Create small size high quality black&white OCR'ed PDFs from scans

A lot of my documents inside DT are black and white (not gray or color) scans of text documents.

Info: The scans of my documents are PDFs containing 1-bit images.

Issue

When DT OCRs a PDF the integrated ABBY FineReader software creates 8-bit JPEG2000 encoded images inside the PDF resulting in large PDF files (since 1-bit to 8-bit is a huge difference) with reduced quality (more “blurry” looking) compared to the original PDF file.

Solution

ABBY FineReader inside DT doesn’t have this issue when I convert a multipage TIFF image (instead of a PDF) into an OCR’ed PDF file. This will produce a OCR’ed PDF containing 1-bit JBIG2 encoded images with a much smaller size than the 8-bit JPEG2000 images as well as a better quality (scans stay “sharp” and don’t get “blurry”).

Using the following technique I was able to reduce file sizes of e.g. a 35-page black & white OCR’ed PDF file from 14 MB to 2 MB and at the same time maintaining better quality.

Here’s a quality comparison.
Top: my method described here – resulting in the small size PDF
Bottom: the default method resulting in the large PDF

So here’s how I do it

  1. Create a scan resulting in a black and white PDF file (I typically scan with ScanSnap and create 600dpi scans) → all my black and white scans are written into a folder called “bw”

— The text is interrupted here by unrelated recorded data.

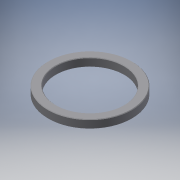
# Autodesk Inventor part: 零件6
Saved by Autodesk Inventor 2018 (Build 220112000, 112)
## iProperties
Created: 2017-07-24
Part Number: 零件6
Material: 一般
Document SubType Name: Modeling
Designer: Alex
Density: 1 g/cm^3
Appearance: 預設
Author: Alex
Autodesk Inventor part; units mm, degrees
ref_plane "YZ Plane" through (0, 0, 0) normal (1, 0, 0) x (0, 1, 0)
ref_plane "XZ Plane" through (0, 0, 0) normal (0, 1, 0) x (-1, 0, 0)
ref_plane "XY Plane" through (0, 0, 0) normal (0, 0, 1) x (1, 0, 0)
sketch "草圖1" plane through (0, 0, 0) normal (0, 0, 1) x (1, 0, 0)
  circle A0 centre (0, 0) radius 12.525
  circle A1 centre (0, 0) radius 15.525
  dimension "d0" = 25.05
  dimension "d11" = 31.05
  dimension "d12" = 3
  constraints: 2 centre point, 2 coincident
  measures "d0" diameter of A0
  measures "d11" diameter of A1
  measures "d12" radial gap between concentric circles of A0 A1
extrude "擠出1" add sketch "草圖1" along normal blind 3.05
chamfer "倒角1" distance 0.2 angle 45 4 edges at (-15.525, 0, 3.05) (-15.525, 0, 0) (-12.525, 0, 0) (-12.525, 0, 3.05)

  2. I’m using Hazel to check this folder for incoming PDFs, then convert PDFs into multipage-TIFFs using the free GhostScript software via command line and finally deleting the original PDF file


    // Here's my bash script
    
    query=$1
    
    resolution=600
    
    ghostscriptApp=/usr/local/bin/gs
    tiffName=${query/.pdf/.tiff}
    
    $ghostscriptApp -o "$tiffName" -sDEVICE=tiffg4 -r$resolution "$query"
    
  3. The same folder contains a second rule waiting for TIFFs and sending these to DT (using a folders UUID as target) including OCR’ing them


    // Here's the applescript I use
    
    tell application "Finder"
    	set _path to (the POSIX path of theFile as string)
    	set {_name, _extension} to {name, name extension} of theFile
    	set extension hidden of theFile to false
    end tell
    
    tell application id "DNtp"
    	set theGroup to get record with uuid "ENTER HERE YOUR UUID"
    	set theImport to ocr file theFile to theGroup
    end tell
    

Additional info concerning my workflow

The target OCR folder inside DT is actually added to DT as an “external folder”. So it’s not inside DT’s database. It’s indexed.

So after DT is finished OCR’ing the PDF the OCR’ed PDF will be visible inside the “external folder”. From there I’m running again my Hazel rules to check the PDF contents and then renaming them based on the OCR’ed info and sorting them into the final folders inside DT.

If you are interested let me know so I will write more about it, but I guess there are already threads about it.

2 Likes

Cool tipp. Re the blurriness of the 8-bit version created by Abby’s software: That’s to be expected. They probably “invent” gray values at the border between black and white, which blurs these borders.
BTW: There’s a canned automator action to convert PDFs to images which can be configured to produce TIFFs (not arguing against Ghostscript, of course). There’s also an automator action to apply a QuartzFilter to a PDF. That can be used to convert a color PDF to a b/w one. I have no idea if that makes it smaller though, and/or less blurry. I just stumbled upon these two.

The main reason for the blurriness is in my opinion the change from 1bit to 8bit encoding. Therefore, each pixel can contain not just 2 states (black/white) but 256 states and therefore the used JPEG2000 codec can never be as precise as the JBIG2 codec for 1bit images. This is quite clear.

The Automator action is not as good, since it produces not a single multipage TIFF but multiple single TIFFs :wink: And it also doesn’t produce 1-bit TIFFs. It produces 8bit grayscale TIFFs.

1 Like

Development would have to look into the possibility of preserving the bit depth on the OCR’d output.
@aedwards: I don’t know if this is possible or not.